Stored records =

——

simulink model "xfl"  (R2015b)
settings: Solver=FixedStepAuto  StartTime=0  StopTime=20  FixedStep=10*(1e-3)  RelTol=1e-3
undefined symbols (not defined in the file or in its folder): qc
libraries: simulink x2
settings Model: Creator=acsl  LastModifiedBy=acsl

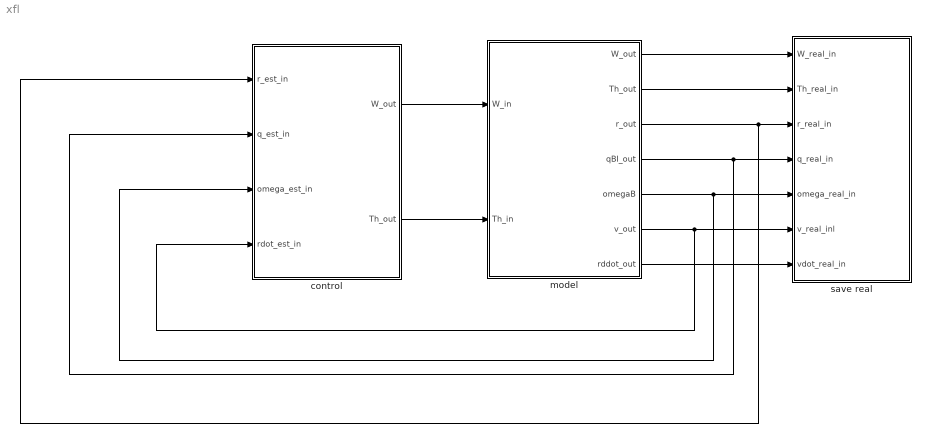
== system xfl ==
  control : Subsystem  InitFcn=init
  model : Subsystem
  save real : Subsystem
  wires:
  model/1(W_out) -> save real/1(W_real_in)
  model/2(Th_out) -> save real/2(Th_real_in)
  model/7(rddot_out) -> save real/7(vdot_real_in)
  model/5(omegaB) -> control/3(omega_est_in), save real/5(omega_real_in)
  control/1(W_out) -> model/1(W_in)
  control/2(Th_out) -> model/2(Th_in)
  model/3(r_out) -> control/1(r_est_in), save real/3(r_real_in)
  model/4(qBI_out) -> control/2(q_est_in), save real/4(q_real_in)
  model/6(v_out) -> control/4(rdot_est_in), save real/6(v_real_inl)

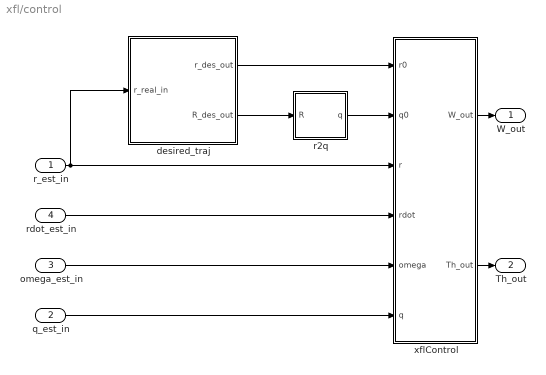
== system xfl/control ==
  r_est_in : Inport
  q_est_in : Inport  Port=2
  omega_est_in : Inport  Port=3
  rdot_est_in : Inport  Port=4
  desired_traj : Subsystem
  r2q : MATLAB Function  TreatAsAtomicUnit=on
  xflControl : Subsystem
  W_out : Outport
  Th_out : Outport  Port=2
  wires:
  omega_est_in/1 -> xflControl/5(omega)
  q_est_in/1 -> xflControl/6(q)
  rdot_est_in/1 -> xflControl/4(rdot)
  r_est_in/1 -> xflControl/3(r), desired_traj/1(r_real_in)
  desired_traj/1(r_des_out) -> xflControl/1(r0)
  desired_traj/2(R_des_out) -> r2q/1(R)
  xflControl/1(W_out) -> W_out/1
  xflControl/2(Th_out) -> Th_out/1
  r2q/1(q) -> xflControl/2(q0)

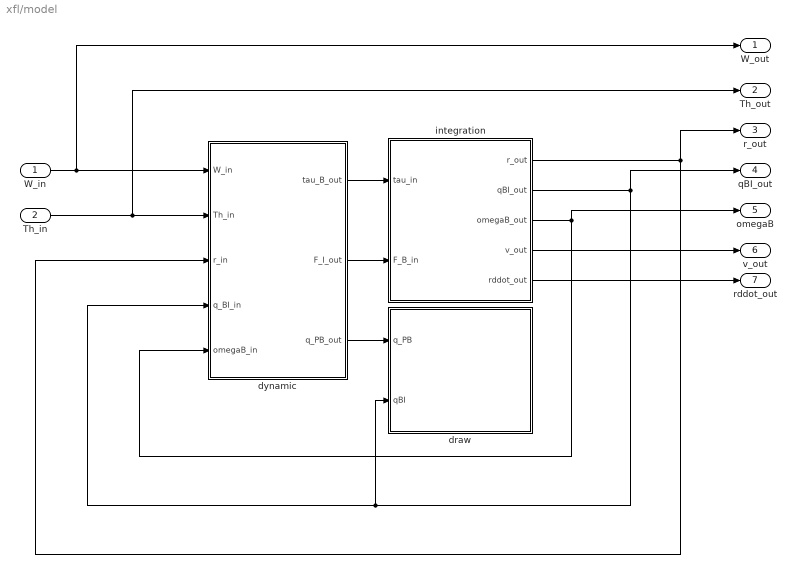
== system xfl/model ==
  W_in : Inport
  Th_in : Inport  Port=2
  draw : Subsystem
  dynamic : Subsystem  StopFcn=close all
  integration : Subsystem
  W_out : Outport
  Th_out : Outport  Port=2
  r_out : Outport  Port=3
  qBI_out : Outport  Port=4
  omegaB : Outport  Port=5
  v_out : Outport  Port=6
  rddot_out : Outport  Port=7
  wires:
  integration/1(r_out) -> dynamic/3(r_in), r_out/1
  dynamic/2(F_I_out) -> integration/2(F_B_in)
  integration/2(qBI_out) -> dynamic/4(q_BI_in), draw/2(qBI), qBI_out/1
  W_in/1 -> W_out/1, dynamic/1(W_in)
  dynamic/1(tau_B_out) -> integration/1(tau_in)
  integration/3(omegaB_out) -> dynamic/5(omegaB_in), omegaB/1
  Th_in/1 -> dynamic/2(Th_in), Th_out/1
  dynamic/3(q_PB_out) -> draw/1(q_PB)
  integration/4(v_out) -> v_out/1
  integration/5(rddot_out) -> rddot_out/1

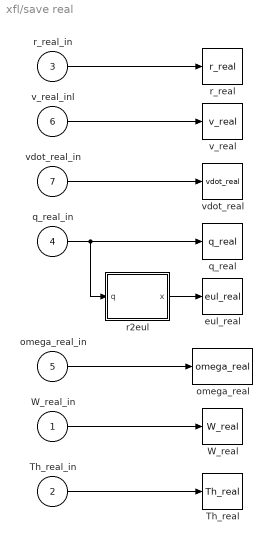
== system xfl/save real ==
  W_real_in : Inport
  Th_real_in : Inport  Port=2
  r_real_in : Inport  Port=3
  q_real_in : Inport  Port=4
  omega_real_in : Inport  Port=5
  v_real_inl : Inport  Port=6
  vdot_real_in : Inport  Port=7
  Th_real : ToWorkspace  VariableName=Th_real  SaveFormat=Timeseries  SampleTime=-1
  W_real : ToWorkspace  VariableName=W_real  SaveFormat=Timeseries  SampleTime=-1
  eul_real : ToWorkspace  VariableName=eul_real  SaveFormat=Timeseries  SampleTime=-1
  omega_real : ToWorkspace  VariableName=omega_real  SaveFormat=Timeseries  SampleTime=-1
  q_real : ToWorkspace  VariableName=q_real  SaveFormat=Timeseries  SampleTime=-1
  r2eul : MATLAB Function  TreatAsAtomicUnit=on
  r_real : ToWorkspace  VariableName=r_real  SaveFormat=Timeseries  SampleTime=-1
  v_real : ToWorkspace  VariableName=v_real  SaveFormat=Timeseries  SampleTime=-1
  vdot_real : ToWorkspace  VariableName=vdot_real  SaveFormat=Timeseries  SampleTime=-1
  wires:
  q_real_in/1 -> q_real/1, r2eul/1(q)
  r_real_in/1 -> r_real/1
  v_real_inl/1 -> v_real/1
  vdot_real_in/1 -> vdot_real/1
  r2eul/1(x) -> eul_real/1
  omega_real_in/1 -> omega_real/1
  Th_real_in/1 -> Th_real/1
  W_real_in/1 -> W_real/1

== system xfl/control/desired_traj ==
  r_real_in : Inport
  To Workspace1 : ToWorkspace  VariableName=time  SaveFormat=Timeseries  SampleTime=-1
  To Workspace2 : ToWorkspace  VariableName=r_des  SaveFormat=Timeseries  SampleTime=-1
  To Workspace6 : ToWorkspace  VariableName=eul_des  SaveFormat=Timeseries  SampleTime=-1
  time : simulink/Sources/Ramp  slope=1  start=0  X0=0
  traj : MATLAB Function  TreatAsAtomicUnit=on
  r_des_out : Outport
  R_des_out : Outport  Port=2
  wires:
  traj/2(R_des) -> R_des_out/1
  time/1 -> To Workspace1/1, traj/1(t)
  traj/3(eul_des) -> To Workspace6/1
  r_real_in/1 -> traj/2(rr)
  traj/1(r_des) -> To Workspace2/1, r_des_out/1

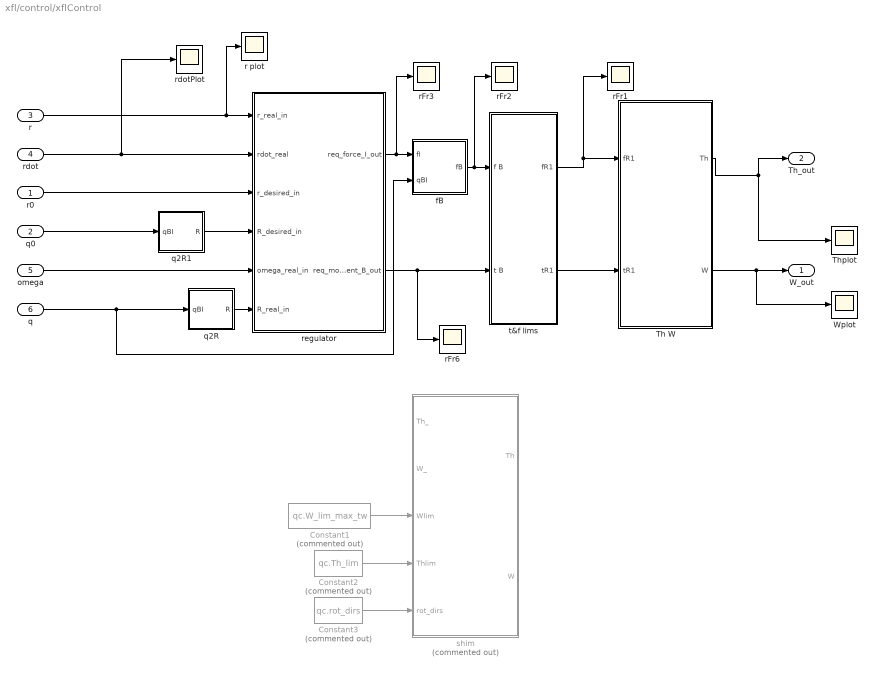
== system xfl/control/xflControl ==
  r0 : Inport
  q0 : Inport  Port=2
  r : Inport  Port=3
  rdot : Inport  Port=4
  omega : Inport  Port=5
  q : Inport  Port=6
  Constant1 : Constant  Commented=on  Value=qc.W_lim_max_tw
  Constant2 : Constant  Commented=on  Value=qc.Th_lim
  Constant3 : Constant  Commented=on  Value=qc.rot_dirs
  Th W : Subsystem
  Thplot : Scope
  Wplot : Scope
  fB : MATLAB Function  TreatAsAtomicUnit=on
  q2R : MATLAB Function  TreatAsAtomicUnit=on
  q2R1 : MATLAB Function  TreatAsAtomicUnit=on
  r plot : Scope
  rFr{1..3,6} (4 alike) : Scope
  rdotPlot : Scope
  regulator : Subsystem
  shim : MATLAB Function  Commented=on  TreatAsAtomicUnit=on
  t&f lims : Subsystem
  W_out : Outport
  Th_out : Outport  Port=2
  wires:
  rdot/1 -> rdotPlot/1, regulator/2(rdot_real)
  r0/1 -> regulator/3(r_desired_in)
  r/1 -> r plot/1, regulator/1(r_real_in)
  q0/1 -> q2R1/1(qBI)
  omega/1 -> regulator/5(omega_real_in)
  q2R/1(R) -> regulator/6(R_real_in)
  q2R1/1(R) -> regulator/4(R_desired_in)
  Constant1/1 -> shim/3(Wlim)
  Constant2/1 -> shim/4(Thlim)
  Constant3/1 -> shim/5(rot_dirs)
  Th W/1(Th) -> Thplot/1, Th_out/1
  Th W/2(W) -> Wplot/1, W_out/1
  t&f lims/1(fR1) -> rFr1/1, Th W/1(fR1)
  t&f lims/2(tR1) -> Th W/2(tR1)
  regulator/2(req_moment_B_out) -> rFr6/1, t&f lims/2(t B)
  regulator/1(req_force_I_out) -> rFr3/1, fB/1(fI)
  fB/1(fB) -> rFr2/1, t&f lims/1(f B)
  q/1 -> fB/2(qBI), q2R/1(qBI)

== system xfl/model/draw ==
  q_PB : Inport
  qBI : Inport  Port=2
  Constant : Constant  Value=qc.rays
  Constant1 : Constant  Value=qc.l
  Constant2 : Constant  Value=qc.draw_mode
  Rate Transition : RateTransition
  Rate Transition1 : RateTransition
  draw : MATLAB Function  TreatAsAtomicUnit=on  SystemSampleTime=qc.draw_tick
  wires:
  Constant1/1 -> draw/4(l)
  q_PB/1 -> Rate Transition1/1
  Rate Transition1/1 -> draw/2(q_PB)
  Constant/1 -> draw/3(rays)
  Rate Transition/1 -> draw/1(q_BI)
  qBI/1 -> Rate Transition/1
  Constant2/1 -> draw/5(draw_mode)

——

Work instructions =
For this task, write out exactly the lines of the entries above, starting at the line with "rdotPlot : Scope" and ending at the line with "r0/1 -> regulator/3(r_desired_in)", both included, and no others.

Task solution =
  rdotPlot : Scope
  regulator : Subsystem
  shim : MATLAB Function  Commented=on  TreatAsAtomicUnit=on
  t&f lims : Subsystem
  W_out : Outport
  Th_out : Outport  Port=2
  wires:
  rdot/1 -> rdotPlot/1, regulator/2(rdot_real)
  r0/1 -> regulator/3(r_desired_in)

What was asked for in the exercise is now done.